Снять лампионы! Пока мальчик их не увидел…
Близнецы
Внезапно что-то звякнуло. Моя фарфоровая чашка, успела подумать она… или стакан папá… но и вопрос, и звяканье отзвучали, эхом прокатились в великой сумрачной пустоте, а очнулась она на больничной койке, кругом суетились медсестры в белом, на животе у нее лежал пузырь со льдом, и ее не оставляло странное ощущение, будто по краям она разжижилась. Откуда шла боль и где прекращалась? Почему из глаз текли слезы? Так много вопросов и ни одного ответа. Жалюзи даже днем не открывали, и где-то поблизости, видимо в другой палате, звонил телефон, звонил и звонил, причем трубку вообще не снимали. Вдобавок эти несносные столики на колесах! Звон! Дребезжанье! Да какое! Действующее на нервы, подавляющее, сводящее с ума, жуткое дребезжанье. С пяти утра до семи вечера сестры возили по отделению эти столики, перекатывали их через пороги, налетали на спинки коек, на тумбочки, а поскольку каждый был уставлен чашками, флакончиками с лекарствами, стаканами с букетами термометров, звону и дребезжанию не было конца. Когда в палату входила старшая сестра, она включала свет. Потом вежливо спрашивала, не стало ли госпоже Майер получше, как там температура. Старшая сестра, преисполненная сочувствия. Спрашивала, какие у нее пожелания, хвалила красивый букет роз, обещала вкусный ужин, и не будь пациентка до такой степени слаба, она бы пала в ноги старшей сестре, как в свое время настоятельнице монастыря Посещения Елисаветы Девой Марией. Милая, дорогая старшая сестра, сказала бы она, делайте со мной что угодно, я прошу только об одном: не давайте температурному листу после занесения новых данных ударяться о койку!

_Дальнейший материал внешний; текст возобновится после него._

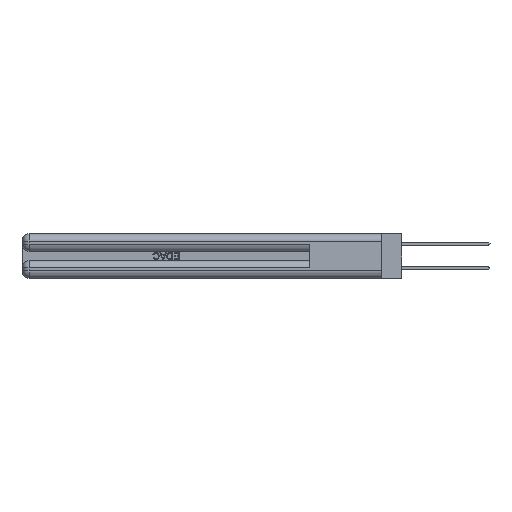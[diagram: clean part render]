
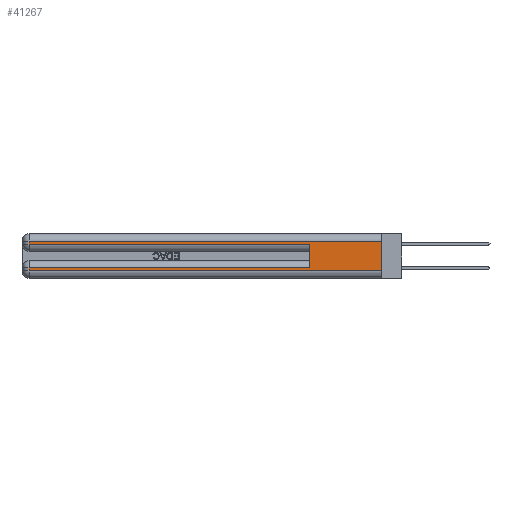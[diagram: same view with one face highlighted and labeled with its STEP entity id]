
A CAD part, left-side view. The second image highlights one B-rep face of the part: STEP entity #41267.
In plain terms, the highlighted planar face has unit normal (-1, 0, 0).
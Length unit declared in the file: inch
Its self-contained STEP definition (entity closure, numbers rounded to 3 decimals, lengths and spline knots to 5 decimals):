
#1498 = ORIENTED_EDGE ( 'NONE', *, *, #48613, .T. ) ;
#2435 = VECTOR ( 'NONE', #28003, 39.37008 ) ;
#2623 = EDGE_CURVE ( 'NONE', #8383, #40717, #32898, .T. ) ;
#2823 = DIRECTION ( 'NONE',  ( 0., 0., -1. ) ) ;
#3291 = VERTEX_POINT ( 'NONE', #34278 ) ;
#3900 = ORIENTED_EDGE ( 'NONE', *, *, #20374, .T. ) ;
#6040 = LINE ( 'NONE', #32712, #33746 ) ;
#8383 = VERTEX_POINT ( 'NONE', #25349 ) ;
#8621 = DIRECTION ( 'NONE',  ( 0., -1., 0. ) ) ;
#11353 = VERTEX_POINT ( 'NONE', #27123 ) ;
#12382 = CARTESIAN_POINT ( 'NONE',  ( 0., 0., 0.31 ) ) ;
#13145 = FACE_OUTER_BOUND ( 'NONE', #24985, .T. ) ;
#13532 = DIRECTION ( 'NONE',  ( 0., 0., -1. ) ) ;
#14805 = DIRECTION ( 'NONE',  ( 0., 0., -1. ) ) ;
#15149 = PLANE ( 'NONE',  #27616 ) ;
#15425 = LINE ( 'NONE', #49920, #27833 ) ;
#16549 = EDGE_CURVE ( 'NONE', #8383, #35224, #38543, .T. ) ;
#18463 = ORIENTED_EDGE ( 'NONE', *, *, #41340, .T. ) ;
#18793 = DIRECTION ( 'NONE',  ( 1., 0., 0. ) ) ;
#19827 = LINE ( 'NONE', #25287, #21077 ) ;
#20148 = DIRECTION ( 'NONE',  ( 0., 1., 0. ) ) ;
#20374 = EDGE_CURVE ( 'NONE', #35224, #33513, #6040, .T. ) ;
#21077 = VECTOR ( 'NONE', #13532, 39.37008 ) ;
#21184 = VECTOR ( 'NONE', #8621, 39.37008 ) ;
#21190 = CARTESIAN_POINT ( 'NONE',  ( 0., 2.94, 0.085 ) ) ;
#23257 = VERTEX_POINT ( 'NONE', #40369 ) ;
#23983 = CARTESIAN_POINT ( 'NONE',  ( 0., 0., 0.285 ) ) ;
#24985 = EDGE_LOOP ( 'NONE', ( #37168, #18463, #29909, #38665, #48828, #27773, #3900, #1498 ) ) ;
#25287 = CARTESIAN_POINT ( 'NONE',  ( 0., 0., 0.37 ) ) ;
#25349 = CARTESIAN_POINT ( 'NONE',  ( 0., 0.6, 0.085 ) ) ;
#27123 = CARTESIAN_POINT ( 'NONE',  ( 0., 0., 0.31 ) ) ;
#27616 = AXIS2_PLACEMENT_3D ( 'NONE', #30526, #18793, #14805 ) ;
#27773 = ORIENTED_EDGE ( 'NONE', *, *, #16549, .T. ) ;
#27833 = VECTOR ( 'NONE', #2823, 39.37008 ) ;
#28003 = DIRECTION ( 'NONE',  ( 0., -1., 0. ) ) ;
#29134 = CARTESIAN_POINT ( 'NONE',  ( 0., 0.6, 0.145 ) ) ;
#29909 = ORIENTED_EDGE ( 'NONE', *, *, #32860, .T. ) ;
#30526 = CARTESIAN_POINT ( 'NONE',  ( 0., 0., 0.37 ) ) ;
#31181 = VERTEX_POINT ( 'NONE', #40456 ) ;
#32712 = CARTESIAN_POINT ( 'NONE',  ( 0., 2.94, 0.37 ) ) ;
#32860 = EDGE_CURVE ( 'NONE', #23257, #3291, #15425, .T. ) ;
#32898 = LINE ( 'NONE', #29134, #38420 ) ;
#33513 = VERTEX_POINT ( 'NONE', #46554 ) ;
#33746 = VECTOR ( 'NONE', #48738, 39.37008 ) ;
#34278 = CARTESIAN_POINT ( 'NONE',  ( 0., 2.94, 0.285 ) ) ;
#35224 = VERTEX_POINT ( 'NONE', #21190 ) ;
#36723 = DIRECTION ( 'NONE',  ( 0., 0., 1. ) ) ;
#37168 = ORIENTED_EDGE ( 'NONE', *, *, #42205, .F. ) ;
#38420 = VECTOR ( 'NONE', #36723, 39.37008 ) ;
#38543 = LINE ( 'NONE', #45360, #42849 ) ;
#38665 = ORIENTED_EDGE ( 'NONE', *, *, #40142, .T. ) ;
#40142 = EDGE_CURVE ( 'NONE', #3291, #40717, #46439, .T. ) ;
#40369 = CARTESIAN_POINT ( 'NONE',  ( 0., 2.94, 0.31 ) ) ;
#40456 = CARTESIAN_POINT ( 'NONE',  ( 0., 0., 0.06 ) ) ;
#40717 = VERTEX_POINT ( 'NONE', #48397 ) ;
#41267 = ADVANCED_FACE ( 'NONE', ( #13145 ), #15149, .F. ) ;
#41340 = EDGE_CURVE ( 'NONE', #11353, #23257, #45840, .T. ) ;
#42205 = EDGE_CURVE ( 'NONE', #11353, #31181, #19827, .T. ) ;
#42849 = VECTOR ( 'NONE', #49344, 39.37008 ) ;
#43158 = LINE ( 'NONE', #47478, #2435 ) ;
#43365 = VECTOR ( 'NONE', #20148, 39.37008 ) ;
#45360 = CARTESIAN_POINT ( 'NONE',  ( 0., 0., 0.085 ) ) ;
#45840 = LINE ( 'NONE', #12382, #43365 ) ;
#46439 = LINE ( 'NONE', #23983, #21184 ) ;
#46554 = CARTESIAN_POINT ( 'NONE',  ( 0., 2.94, 0.06 ) ) ;
#47478 = CARTESIAN_POINT ( 'NONE',  ( 0., 0., 0.06 ) ) ;
#48397 = CARTESIAN_POINT ( 'NONE',  ( 0., 0.6, 0.285 ) ) ;
#48613 = EDGE_CURVE ( 'NONE', #33513, #31181, #43158, .T. ) ;
#48738 = DIRECTION ( 'NONE',  ( 0., 0., -1. ) ) ;
#48828 = ORIENTED_EDGE ( 'NONE', *, *, #2623, .F. ) ;
#49344 = DIRECTION ( 'NONE',  ( 0., 1., 0. ) ) ;
#49920 = CARTESIAN_POINT ( 'NONE',  ( 0., 2.94, 0.37 ) ) ;

Напрасно Мария плакала, напрасно хныкала. Температурный лист висел в изножии койки на двух цепочках, и милая, добрая старшая сестра по-прежнему предавалась своему хобби: бум! Температура отмечена: бум! Неужели она не замечала, какое сотрясение удар свинцовой рамки с картонной табличкой производил в пустом животе роженицы? Или она делала так нарочно? Сердилась, что температурная кривая пациентки каждый вечер ползла вверх, как при малярии, и оттого считала необходимым назначить ей небольшое, но довольно суровое наказание — бум?!
Бум! Марии только и оставалось, что лежать и страдать, плакать и ждать. Ждать Оскара, современного гинеколога, и, слава Богу, его появление обеспечивало некоторый покой. Перед его приходом столики замирали. Телефонную трубку снимали. Сестры подкрашивали губы, пудрили щеки, поправляли шапочки и на цыпочках порхали по отделению — убирали лоток, опорожняли горшок, смахивали с тумбочки опавшие розовые лепестки. И вот он! В окружении медицинских субреток в отделение вплывал Оскар и первым делом принимался мыть свои тонкие руки. Намыливал и тер немыслимо долго, производя ими какие-то визгливые звуки, будто котенка топил в умывальнике. Потом щипал за щечку одну из сестер, обычно самую молоденькую, в ответ все хором хихикали, а он с возгласом: «Ну, как мы сегодня себя чувствуем?» — боком усаживался на край койки. Старшая сестра гордо вручала ему температурный листок, который он принимал с улыбкой, и краснела до корней волос. Далее сей хищный щеголь щупал пациентке пульс, причем его наманикюренные пальцы располагались на голубых жилках белого запястья как на грифе скрипки. Трогательный жест, о да, конечно, однако все напрасно, сердце бедняжки Майер уже не откликалось.